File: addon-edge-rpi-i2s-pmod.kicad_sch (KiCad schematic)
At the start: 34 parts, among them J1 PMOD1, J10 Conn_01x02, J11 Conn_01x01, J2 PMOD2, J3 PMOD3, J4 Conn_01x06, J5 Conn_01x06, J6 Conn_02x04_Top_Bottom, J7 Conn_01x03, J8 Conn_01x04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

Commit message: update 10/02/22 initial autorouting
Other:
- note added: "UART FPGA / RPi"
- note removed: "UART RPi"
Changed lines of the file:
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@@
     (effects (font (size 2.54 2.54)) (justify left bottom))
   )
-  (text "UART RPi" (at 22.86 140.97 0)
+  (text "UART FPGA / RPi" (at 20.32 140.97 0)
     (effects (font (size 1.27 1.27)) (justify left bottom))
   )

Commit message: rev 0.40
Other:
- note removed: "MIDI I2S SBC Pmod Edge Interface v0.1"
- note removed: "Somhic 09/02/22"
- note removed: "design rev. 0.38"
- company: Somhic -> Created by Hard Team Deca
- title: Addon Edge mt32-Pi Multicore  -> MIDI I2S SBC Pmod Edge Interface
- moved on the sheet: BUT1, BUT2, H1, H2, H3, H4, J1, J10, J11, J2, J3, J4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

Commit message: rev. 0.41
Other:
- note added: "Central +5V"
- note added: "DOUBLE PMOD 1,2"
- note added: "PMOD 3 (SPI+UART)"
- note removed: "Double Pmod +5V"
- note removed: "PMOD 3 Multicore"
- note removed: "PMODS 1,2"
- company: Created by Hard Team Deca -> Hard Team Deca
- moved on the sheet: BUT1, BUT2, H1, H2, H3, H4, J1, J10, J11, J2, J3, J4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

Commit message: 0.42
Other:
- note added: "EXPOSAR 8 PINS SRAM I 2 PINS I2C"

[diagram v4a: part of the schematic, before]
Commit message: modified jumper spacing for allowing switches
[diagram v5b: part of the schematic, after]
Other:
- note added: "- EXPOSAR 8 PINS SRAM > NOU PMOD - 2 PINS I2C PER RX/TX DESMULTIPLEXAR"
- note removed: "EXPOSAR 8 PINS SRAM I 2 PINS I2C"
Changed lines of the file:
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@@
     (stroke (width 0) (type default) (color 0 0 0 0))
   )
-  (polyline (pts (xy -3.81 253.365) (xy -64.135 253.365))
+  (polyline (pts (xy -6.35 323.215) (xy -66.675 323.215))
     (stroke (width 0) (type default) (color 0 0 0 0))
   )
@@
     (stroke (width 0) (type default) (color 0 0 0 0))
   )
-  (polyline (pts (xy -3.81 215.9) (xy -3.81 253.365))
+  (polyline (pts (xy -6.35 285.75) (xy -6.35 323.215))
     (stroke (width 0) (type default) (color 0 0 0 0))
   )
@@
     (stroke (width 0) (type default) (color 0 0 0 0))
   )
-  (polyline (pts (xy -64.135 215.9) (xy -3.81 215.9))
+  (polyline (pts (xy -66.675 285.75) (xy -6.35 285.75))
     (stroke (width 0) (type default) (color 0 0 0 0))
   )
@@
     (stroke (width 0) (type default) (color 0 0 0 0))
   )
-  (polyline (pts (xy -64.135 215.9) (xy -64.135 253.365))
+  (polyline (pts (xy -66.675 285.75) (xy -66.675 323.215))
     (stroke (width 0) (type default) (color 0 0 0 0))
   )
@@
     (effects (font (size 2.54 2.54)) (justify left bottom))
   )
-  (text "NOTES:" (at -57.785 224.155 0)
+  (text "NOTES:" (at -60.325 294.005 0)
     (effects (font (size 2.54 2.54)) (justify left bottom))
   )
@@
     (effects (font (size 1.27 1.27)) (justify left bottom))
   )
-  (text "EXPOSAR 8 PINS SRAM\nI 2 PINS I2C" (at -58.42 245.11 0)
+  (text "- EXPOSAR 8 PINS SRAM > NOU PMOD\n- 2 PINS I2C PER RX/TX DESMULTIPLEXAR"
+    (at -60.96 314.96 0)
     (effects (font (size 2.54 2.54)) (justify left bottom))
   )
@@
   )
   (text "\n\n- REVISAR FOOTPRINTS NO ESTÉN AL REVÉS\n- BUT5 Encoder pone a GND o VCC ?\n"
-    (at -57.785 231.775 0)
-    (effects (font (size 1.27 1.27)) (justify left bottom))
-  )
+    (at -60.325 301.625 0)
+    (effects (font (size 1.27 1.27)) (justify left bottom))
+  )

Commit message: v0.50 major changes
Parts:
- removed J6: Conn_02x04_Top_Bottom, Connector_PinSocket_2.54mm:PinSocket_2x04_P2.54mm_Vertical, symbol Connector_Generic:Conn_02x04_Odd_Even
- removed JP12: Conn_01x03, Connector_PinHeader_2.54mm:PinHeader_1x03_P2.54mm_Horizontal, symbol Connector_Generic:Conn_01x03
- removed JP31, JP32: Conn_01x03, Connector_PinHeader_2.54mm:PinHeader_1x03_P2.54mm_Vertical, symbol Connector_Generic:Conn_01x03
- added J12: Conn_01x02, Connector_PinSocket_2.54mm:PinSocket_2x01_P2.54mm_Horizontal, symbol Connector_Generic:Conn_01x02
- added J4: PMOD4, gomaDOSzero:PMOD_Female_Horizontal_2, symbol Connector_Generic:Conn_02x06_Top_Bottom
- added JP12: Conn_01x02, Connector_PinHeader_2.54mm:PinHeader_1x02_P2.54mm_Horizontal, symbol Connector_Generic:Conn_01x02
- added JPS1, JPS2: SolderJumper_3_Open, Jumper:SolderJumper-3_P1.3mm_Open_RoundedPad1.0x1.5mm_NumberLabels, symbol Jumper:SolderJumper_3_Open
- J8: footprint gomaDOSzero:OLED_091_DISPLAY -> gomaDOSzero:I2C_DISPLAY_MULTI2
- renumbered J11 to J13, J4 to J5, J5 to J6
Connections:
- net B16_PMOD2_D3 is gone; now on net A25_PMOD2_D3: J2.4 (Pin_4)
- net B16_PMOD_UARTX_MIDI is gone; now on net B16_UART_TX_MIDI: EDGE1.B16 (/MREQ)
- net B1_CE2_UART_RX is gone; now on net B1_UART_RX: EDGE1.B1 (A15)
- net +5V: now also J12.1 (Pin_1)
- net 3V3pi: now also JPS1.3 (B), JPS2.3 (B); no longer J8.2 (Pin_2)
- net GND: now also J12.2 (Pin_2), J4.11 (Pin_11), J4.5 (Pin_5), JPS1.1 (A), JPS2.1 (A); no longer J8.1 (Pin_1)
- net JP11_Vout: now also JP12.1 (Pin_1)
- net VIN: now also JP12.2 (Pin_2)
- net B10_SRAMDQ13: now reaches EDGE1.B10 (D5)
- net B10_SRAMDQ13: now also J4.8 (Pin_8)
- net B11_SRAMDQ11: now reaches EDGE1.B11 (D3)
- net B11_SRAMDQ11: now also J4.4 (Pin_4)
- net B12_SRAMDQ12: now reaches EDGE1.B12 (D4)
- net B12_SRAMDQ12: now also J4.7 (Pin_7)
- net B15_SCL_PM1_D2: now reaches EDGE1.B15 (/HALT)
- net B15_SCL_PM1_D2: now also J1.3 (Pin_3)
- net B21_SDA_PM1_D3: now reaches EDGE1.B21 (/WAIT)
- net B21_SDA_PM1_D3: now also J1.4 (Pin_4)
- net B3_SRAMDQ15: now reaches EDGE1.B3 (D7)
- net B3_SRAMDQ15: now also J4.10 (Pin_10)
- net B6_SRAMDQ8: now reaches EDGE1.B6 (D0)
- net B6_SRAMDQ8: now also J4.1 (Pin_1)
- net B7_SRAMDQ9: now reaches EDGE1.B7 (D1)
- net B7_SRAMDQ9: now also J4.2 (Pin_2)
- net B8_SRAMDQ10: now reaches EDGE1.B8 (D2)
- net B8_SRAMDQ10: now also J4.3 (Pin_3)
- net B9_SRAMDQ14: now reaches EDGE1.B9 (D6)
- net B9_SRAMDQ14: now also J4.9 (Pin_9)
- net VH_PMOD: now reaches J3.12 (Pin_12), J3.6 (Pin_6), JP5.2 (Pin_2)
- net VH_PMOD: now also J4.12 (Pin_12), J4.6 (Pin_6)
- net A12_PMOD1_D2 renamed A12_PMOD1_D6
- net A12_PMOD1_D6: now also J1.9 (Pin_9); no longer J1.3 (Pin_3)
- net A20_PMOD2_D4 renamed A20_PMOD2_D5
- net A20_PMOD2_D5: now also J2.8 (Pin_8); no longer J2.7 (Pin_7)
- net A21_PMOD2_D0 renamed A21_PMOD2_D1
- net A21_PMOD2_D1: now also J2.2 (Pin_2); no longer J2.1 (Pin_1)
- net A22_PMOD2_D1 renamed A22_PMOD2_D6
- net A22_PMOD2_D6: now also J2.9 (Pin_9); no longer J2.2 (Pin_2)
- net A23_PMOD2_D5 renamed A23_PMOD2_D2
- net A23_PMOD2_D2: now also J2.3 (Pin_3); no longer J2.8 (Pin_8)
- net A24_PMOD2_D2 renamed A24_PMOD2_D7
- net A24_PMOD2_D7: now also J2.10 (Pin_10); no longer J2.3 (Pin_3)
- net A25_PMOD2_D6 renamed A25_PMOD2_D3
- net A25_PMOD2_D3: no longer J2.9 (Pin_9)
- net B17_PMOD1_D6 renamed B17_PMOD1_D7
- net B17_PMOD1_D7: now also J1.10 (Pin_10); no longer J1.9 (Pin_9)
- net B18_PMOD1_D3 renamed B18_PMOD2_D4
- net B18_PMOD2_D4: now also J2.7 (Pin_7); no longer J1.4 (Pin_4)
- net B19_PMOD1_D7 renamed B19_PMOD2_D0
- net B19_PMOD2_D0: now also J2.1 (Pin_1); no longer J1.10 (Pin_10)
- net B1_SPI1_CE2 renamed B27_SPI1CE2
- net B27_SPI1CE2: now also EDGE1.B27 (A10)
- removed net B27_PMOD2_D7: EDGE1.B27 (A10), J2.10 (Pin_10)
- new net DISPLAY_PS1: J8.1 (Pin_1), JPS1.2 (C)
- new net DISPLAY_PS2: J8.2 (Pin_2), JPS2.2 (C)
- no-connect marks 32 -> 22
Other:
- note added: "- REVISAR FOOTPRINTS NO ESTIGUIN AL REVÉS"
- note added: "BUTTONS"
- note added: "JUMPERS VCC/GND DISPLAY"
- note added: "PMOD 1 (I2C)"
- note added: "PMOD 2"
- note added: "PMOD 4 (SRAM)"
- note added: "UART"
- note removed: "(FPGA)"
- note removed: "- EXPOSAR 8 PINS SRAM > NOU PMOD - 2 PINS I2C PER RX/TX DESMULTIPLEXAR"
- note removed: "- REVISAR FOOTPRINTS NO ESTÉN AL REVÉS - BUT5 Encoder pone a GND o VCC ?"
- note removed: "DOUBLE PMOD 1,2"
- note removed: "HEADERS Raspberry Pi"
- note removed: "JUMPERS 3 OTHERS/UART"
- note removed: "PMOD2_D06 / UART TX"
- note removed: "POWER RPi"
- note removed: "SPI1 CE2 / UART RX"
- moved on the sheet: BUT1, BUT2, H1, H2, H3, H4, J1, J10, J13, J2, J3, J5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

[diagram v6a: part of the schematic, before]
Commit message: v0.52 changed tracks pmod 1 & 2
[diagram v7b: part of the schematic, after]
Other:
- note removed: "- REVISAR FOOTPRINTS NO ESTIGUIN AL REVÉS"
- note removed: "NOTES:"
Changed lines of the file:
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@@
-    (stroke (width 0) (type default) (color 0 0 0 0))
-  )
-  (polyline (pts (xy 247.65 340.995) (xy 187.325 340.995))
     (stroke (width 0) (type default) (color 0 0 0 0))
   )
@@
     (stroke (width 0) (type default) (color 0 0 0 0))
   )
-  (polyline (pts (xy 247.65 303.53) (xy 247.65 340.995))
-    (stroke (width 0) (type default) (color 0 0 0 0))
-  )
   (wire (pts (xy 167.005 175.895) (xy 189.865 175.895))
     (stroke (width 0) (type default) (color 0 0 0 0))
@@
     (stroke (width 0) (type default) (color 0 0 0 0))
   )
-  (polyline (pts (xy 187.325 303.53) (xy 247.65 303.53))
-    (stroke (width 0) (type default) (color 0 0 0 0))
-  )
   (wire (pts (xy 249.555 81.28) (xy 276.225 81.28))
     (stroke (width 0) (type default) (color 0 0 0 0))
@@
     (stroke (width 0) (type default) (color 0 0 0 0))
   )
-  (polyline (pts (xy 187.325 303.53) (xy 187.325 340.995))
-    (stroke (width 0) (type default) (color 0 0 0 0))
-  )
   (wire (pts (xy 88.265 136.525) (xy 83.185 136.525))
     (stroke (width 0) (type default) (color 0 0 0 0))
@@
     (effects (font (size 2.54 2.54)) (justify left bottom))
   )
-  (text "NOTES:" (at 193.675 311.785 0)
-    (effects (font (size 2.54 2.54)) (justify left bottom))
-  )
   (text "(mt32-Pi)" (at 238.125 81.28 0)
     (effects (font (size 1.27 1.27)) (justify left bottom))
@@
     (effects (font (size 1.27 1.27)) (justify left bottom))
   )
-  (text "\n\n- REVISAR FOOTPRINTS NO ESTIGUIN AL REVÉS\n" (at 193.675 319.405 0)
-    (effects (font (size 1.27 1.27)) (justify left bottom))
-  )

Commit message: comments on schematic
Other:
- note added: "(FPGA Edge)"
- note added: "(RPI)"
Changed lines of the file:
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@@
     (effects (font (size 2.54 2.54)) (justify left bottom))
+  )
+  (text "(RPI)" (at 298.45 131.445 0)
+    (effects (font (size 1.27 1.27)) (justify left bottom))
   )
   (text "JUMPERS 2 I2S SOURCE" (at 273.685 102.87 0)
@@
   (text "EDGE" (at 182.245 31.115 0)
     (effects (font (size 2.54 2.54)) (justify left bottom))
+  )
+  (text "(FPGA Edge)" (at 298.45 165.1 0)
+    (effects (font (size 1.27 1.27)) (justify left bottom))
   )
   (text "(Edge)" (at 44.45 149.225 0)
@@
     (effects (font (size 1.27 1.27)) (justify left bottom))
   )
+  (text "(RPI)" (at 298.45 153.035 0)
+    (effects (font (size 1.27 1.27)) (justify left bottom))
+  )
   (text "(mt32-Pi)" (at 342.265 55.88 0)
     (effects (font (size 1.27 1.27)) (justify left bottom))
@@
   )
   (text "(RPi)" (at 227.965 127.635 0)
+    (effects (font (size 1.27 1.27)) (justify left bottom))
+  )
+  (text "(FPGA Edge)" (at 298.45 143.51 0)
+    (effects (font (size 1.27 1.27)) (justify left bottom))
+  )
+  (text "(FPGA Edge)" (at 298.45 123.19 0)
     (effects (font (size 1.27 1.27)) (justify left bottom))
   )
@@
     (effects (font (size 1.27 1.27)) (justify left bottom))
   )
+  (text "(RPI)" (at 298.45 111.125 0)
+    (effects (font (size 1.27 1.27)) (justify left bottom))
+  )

Task prompt:
From the line that has "-57.785 231.775 0)" through the line that has "- net B10_SRAMDQ13: now also J4.8 (Pin_8)", copy every line exactly as it appears above, and leave out all others.

The answer:
-    (at -57.785 231.775 0)
-    (effects (font (size 1.27 1.27)) (justify left bottom))
-  )
+    (at -60.325 301.625 0)
+    (effects (font (size 1.27 1.27)) (justify left bottom))
+  )

Commit message: v0.50 major changes
Parts:
- removed J6: Conn_02x04_Top_Bottom, Connector_PinSocket_2.54mm:PinSocket_2x04_P2.54mm_Vertical, symbol Connector_Generic:Conn_02x04_Odd_Even
- removed JP12: Conn_01x03, Connector_PinHeader_2.54mm:PinHeader_1x03_P2.54mm_Horizontal, symbol Connector_Generic:Conn_01x03
- removed JP31, JP32: Conn_01x03, Connector_PinHeader_2.54mm:PinHeader_1x03_P2.54mm_Vertical, symbol Connector_Generic:Conn_01x03
- added J12: Conn_01x02, Connector_PinSocket_2.54mm:PinSocket_2x01_P2.54mm_Horizontal, symbol Connector_Generic:Conn_01x02
- added J4: PMOD4, gomaDOSzero:PMOD_Female_Horizontal_2, symbol Connector_Generic:Conn_02x06_Top_Bottom
- added JP12: Conn_01x02, Connector_PinHeader_2.54mm:PinHeader_1x02_P2.54mm_Horizontal, symbol Connector_Generic:Conn_01x02
- added JPS1, JPS2: SolderJumper_3_Open, Jumper:SolderJumper-3_P1.3mm_Open_RoundedPad1.0x1.5mm_NumberLabels, symbol Jumper:SolderJumper_3_Open
- J8: footprint gomaDOSzero:OLED_091_DISPLAY -> gomaDOSzero:I2C_DISPLAY_MULTI2
- renumbered J11 to J13, J4 to J5, J5 to J6
Connections:
- net B16_PMOD2_D3 is gone; now on net A25_PMOD2_D3: J2.4 (Pin_4)
- net B16_PMOD_UARTX_MIDI is gone; now on net B16_UART_TX_MIDI: EDGE1.B16 (/MREQ)
- net B1_CE2_UART_RX is gone; now on net B1_UART_RX: EDGE1.B1 (A15)
- net +5V: now also J12.1 (Pin_1)
- net 3V3pi: now also JPS1.3 (B), JPS2.3 (B); no longer J8.2 (Pin_2)
- net GND: now also J12.2 (Pin_2), J4.11 (Pin_11), J4.5 (Pin_5), JPS1.1 (A), JPS2.1 (A); no longer J8.1 (Pin_1)
- net JP11_Vout: now also JP12.1 (Pin_1)
- net VIN: now also JP12.2 (Pin_2)
- net B10_SRAMDQ13: now reaches EDGE1.B10 (D5)
- net B10_SRAMDQ13: now also J4.8 (Pin_8)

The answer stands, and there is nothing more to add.